Mar. 9, 2001 ITHACA, N.Y. -- Chemical signals at the most critical moment for new life in mammals -- when sperm meets egg and attempts fertilization -- evolve rapidly in a process driven by positive Darwinian selection, according to a Cornell University study.
New statistical studies of sequence divergence among egg-surface and oviduct proteins, reported by Willie J. Swanson, Mariana F. Wolfner and Charles F. Aquadro of Cornell University and Ziheng Yang of University College London (UCL) in the Feb. 27, 2001, Proceedings of the National Academy of Sciences , demonstrate for the first time that natural selection drives rapid changes in these female proteins at the site of sperm-egg interaction.
Beyond providing long-sought molecular evidence in female proteins for evolutionary theories about sperm competition, sexual conflict and cryptic female choice, this study's findings could have at least one practical application concerning infertility and also could help explain how new species evolve, says Aquadro, a Cornell professor of population genetics.
"We think we're seeing a cat-and-mouse game happening, on the molecular level, with the co-evolution of female and male reproductive proteins," says Swanson, a postdoctoral associate in Cornell's Department of Molecular Biology and Genetics.
"However," Swanson emphasizes, "the basic process of conception is clearly conserved throughout evolution: A sperm with proteinaceous chemical signals on its surface finds an egg.
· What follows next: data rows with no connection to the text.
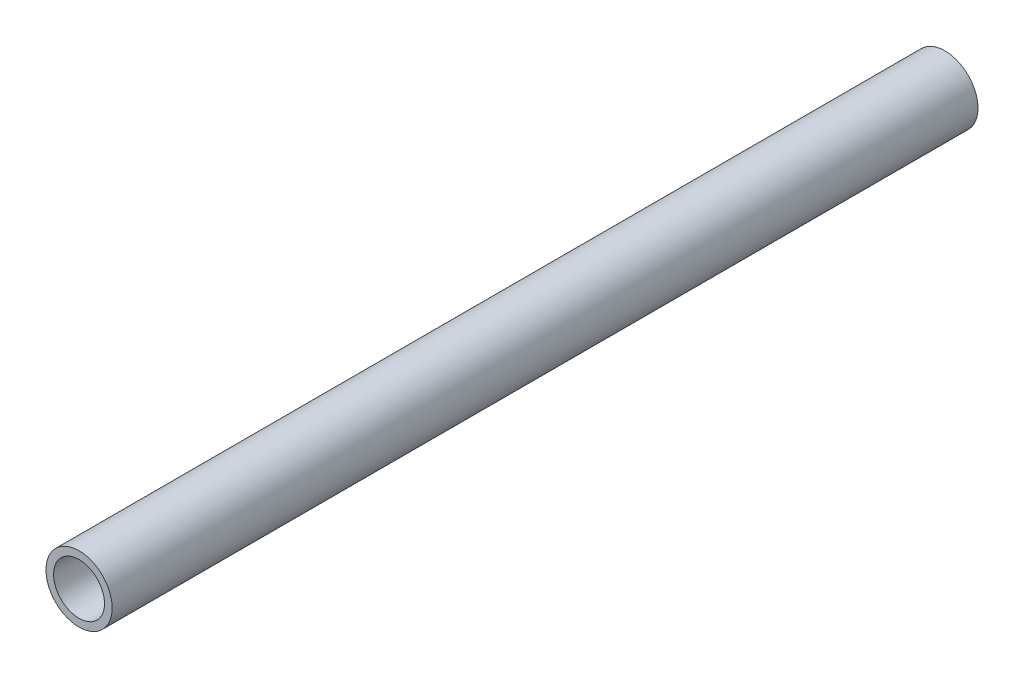
ISO-10303-21;
HEADER;
FILE_DESCRIPTION(('STEP AP214'),'2;1');
FILE_NAME('part.step','',(''),(''),'','','');
FILE_SCHEMA(('AUTOMOTIVE_DESIGN { 1 0 10303 214 1 1 1 1 }'));
ENDSEC;
DATA;
#1=APPLICATION_CONTEXT('core data for automotive mechanical design processes');
#2=APPLICATION_PROTOCOL_DEFINITION('international standard','automotive_design',2000,#1);
#3=PRODUCT_CONTEXT('',#1,'mechanical');
#4=PRODUCT('Part','Part','',(#3));
#5=PRODUCT_RELATED_PRODUCT_CATEGORY('part','',(#4));
#6=PRODUCT_DEFINITION_FORMATION('','',#4);
#7=PRODUCT_DEFINITION_CONTEXT('part definition',#1,'design');
#8=PRODUCT_DEFINITION('design','',#6,#7);
#9=PRODUCT_DEFINITION_SHAPE('','',#8);
#10=(LENGTH_UNIT() NAMED_UNIT(*) SI_UNIT(.MILLI.,.METRE.));
#11=(NAMED_UNIT(*) PLANE_ANGLE_UNIT() SI_UNIT($,.RADIAN.));
#12=(NAMED_UNIT(*) SI_UNIT($,.STERADIAN.) SOLID_ANGLE_UNIT());
#13=UNCERTAINTY_MEASURE_WITH_UNIT(LENGTH_MEASURE(1.E-05),#10,'distance_accuracy_value','');
#14=(GEOMETRIC_REPRESENTATION_CONTEXT(3) GLOBAL_UNCERTAINTY_ASSIGNED_CONTEXT((#13)) GLOBAL_UNIT_ASSIGNED_CONTEXT((#10,
#11,#12)) REPRESENTATION_CONTEXT('',''));
#15=CARTESIAN_POINT('',(0.,0.,0.));
#16=DIRECTION('',(0.,0.,1.));
#17=DIRECTION('',(1.,0.,0.));
#18=AXIS2_PLACEMENT_3D('',#15,#16,#17);
#19=CARTESIAN_POINT('',(0.,0.,170.));
#20=DIRECTION('',(0.,0.,1.));
#21=DIRECTION('',(1.,0.,0.));
#22=AXIS2_PLACEMENT_3D('',#19,#20,#21);
#23=PLANE('',#22);
#24=CARTESIAN_POINT('',(0.,0.,170.));
#25=DIRECTION('',(0.,0.,1.));
#26=DIRECTION('',(1.,0.,0.));
#27=AXIS2_PLACEMENT_3D('',#24,#25,#26);
#28=CIRCLE('',#27,6.5);
#29=CARTESIAN_POINT('',(6.5,0.,170.));
#30=VERTEX_POINT('',#29);
#31=EDGE_CURVE('E11',#30,#30,#28,.T.);
#32=ORIENTED_EDGE('',*,*,#31,.T.);
#33=EDGE_LOOP('',(#32));
#34=FACE_BOUND('',#33,.T.);
#35=CARTESIAN_POINT('',(0.,0.,170.));
#36=DIRECTION('',(0.,0.,1.));
#37=DIRECTION('',(1.,0.,0.));
#38=AXIS2_PLACEMENT_3D('',#35,#36,#37);
#39=CIRCLE('',#38,5.);
#40=CARTESIAN_POINT('',(5.,0.,170.));
#41=VERTEX_POINT('',#40);
#42=EDGE_CURVE('E56',#41,#41,#39,.T.);
#43=ORIENTED_EDGE('',*,*,#42,.F.);
#44=EDGE_LOOP('',(#43));
#45=FACE_BOUND('',#44,.T.);
#46=ADVANCED_FACE('F43',(#34,#45),#23,.T.);
#47=CARTESIAN_POINT('',(0.,0.,0.));
#48=DIRECTION('',(0.,0.,1.));
#49=DIRECTION('',(1.,0.,0.));
#50=AXIS2_PLACEMENT_3D('',#47,#48,#49);
#51=PLANE('',#50);
#52=CARTESIAN_POINT('',(0.,0.,0.));
#53=DIRECTION('',(0.,0.,1.));
#54=DIRECTION('',(1.,0.,0.));
#55=AXIS2_PLACEMENT_3D('',#52,#53,#54);
#56=CIRCLE('',#55,6.5);
#57=CARTESIAN_POINT('',(6.5,0.,0.));
#58=VERTEX_POINT('',#57);
#59=EDGE_CURVE('E47',#58,#58,#56,.T.);
#60=ORIENTED_EDGE('',*,*,#59,.F.);
#61=EDGE_LOOP('',(#60));
#62=FACE_BOUND('',#61,.T.);
#63=CARTESIAN_POINT('',(0.,0.,0.));
#64=DIRECTION('',(0.,0.,1.));
#65=DIRECTION('',(1.,0.,0.));
#66=AXIS2_PLACEMENT_3D('',#63,#64,#65);
#67=CIRCLE('',#66,5.);
#68=CARTESIAN_POINT('',(5.,0.,0.));
#69=VERTEX_POINT('',#68);
#70=EDGE_CURVE('E58',#69,#69,#67,.T.);
#71=ORIENTED_EDGE('',*,*,#70,.T.);
#72=EDGE_LOOP('',(#71));
#73=FACE_BOUND('',#72,.T.);
#74=ADVANCED_FACE('F70',(#62,#73),#51,.F.);
#75=CARTESIAN_POINT('',(0.,0.,170.));
#76=DIRECTION('',(0.,0.,-1.));
#77=DIRECTION('',(-1.,0.,0.));
#78=AXIS2_PLACEMENT_3D('',#75,#76,#77);
#79=CYLINDRICAL_SURFACE('',#78,6.5);
#80=ORIENTED_EDGE('',*,*,#31,.F.);
#81=EDGE_LOOP('',(#80));
#82=FACE_BOUND('',#81,.T.);
#83=ORIENTED_EDGE('',*,*,#59,.T.);
#84=EDGE_LOOP('',(#83));
#85=FACE_BOUND('',#84,.T.);
#86=ADVANCED_FACE('F45',(#82,#85),#79,.T.);
#87=CARTESIAN_POINT('',(0.,0.,170.));
#88=DIRECTION('',(0.,0.,-1.));
#89=DIRECTION('',(-1.,0.,0.));
#90=AXIS2_PLACEMENT_3D('',#87,#88,#89);
#91=CYLINDRICAL_SURFACE('',#90,5.);
#92=ORIENTED_EDGE('',*,*,#42,.T.);
#93=EDGE_LOOP('',(#92));
#94=FACE_BOUND('',#93,.T.);
#95=ORIENTED_EDGE('',*,*,#70,.F.);
#96=EDGE_LOOP('',(#95));
#97=FACE_BOUND('',#96,.T.);
#98=ADVANCED_FACE('F66',(#94,#97),#91,.F.);
#99=CLOSED_SHELL('',(#46,#74,#86,#98));
#100=MANIFOLD_SOLID_BREP('B2',#99);
#101=ADVANCED_BREP_SHAPE_REPRESENTATION('',(#18,#100),#14);
#102=SHAPE_DEFINITION_REPRESENTATION(#9,#101);
ENDSEC;
END-ISO-10303-21;

Then other proteins on the surface of the egg check out the sperm proteins for species compatibility."
Says Wolfner, a professor of developmental biology in Cornell's Department of Molecular Biology and Genetics: "If a sperm of the right species finds an egg, proteins on the egg's surface let the sperm bind, penetrate and begin fertilization. What is new about our finding is that portions of the female proteins involved in these interactions are shown to have been driven to change rapidly between species."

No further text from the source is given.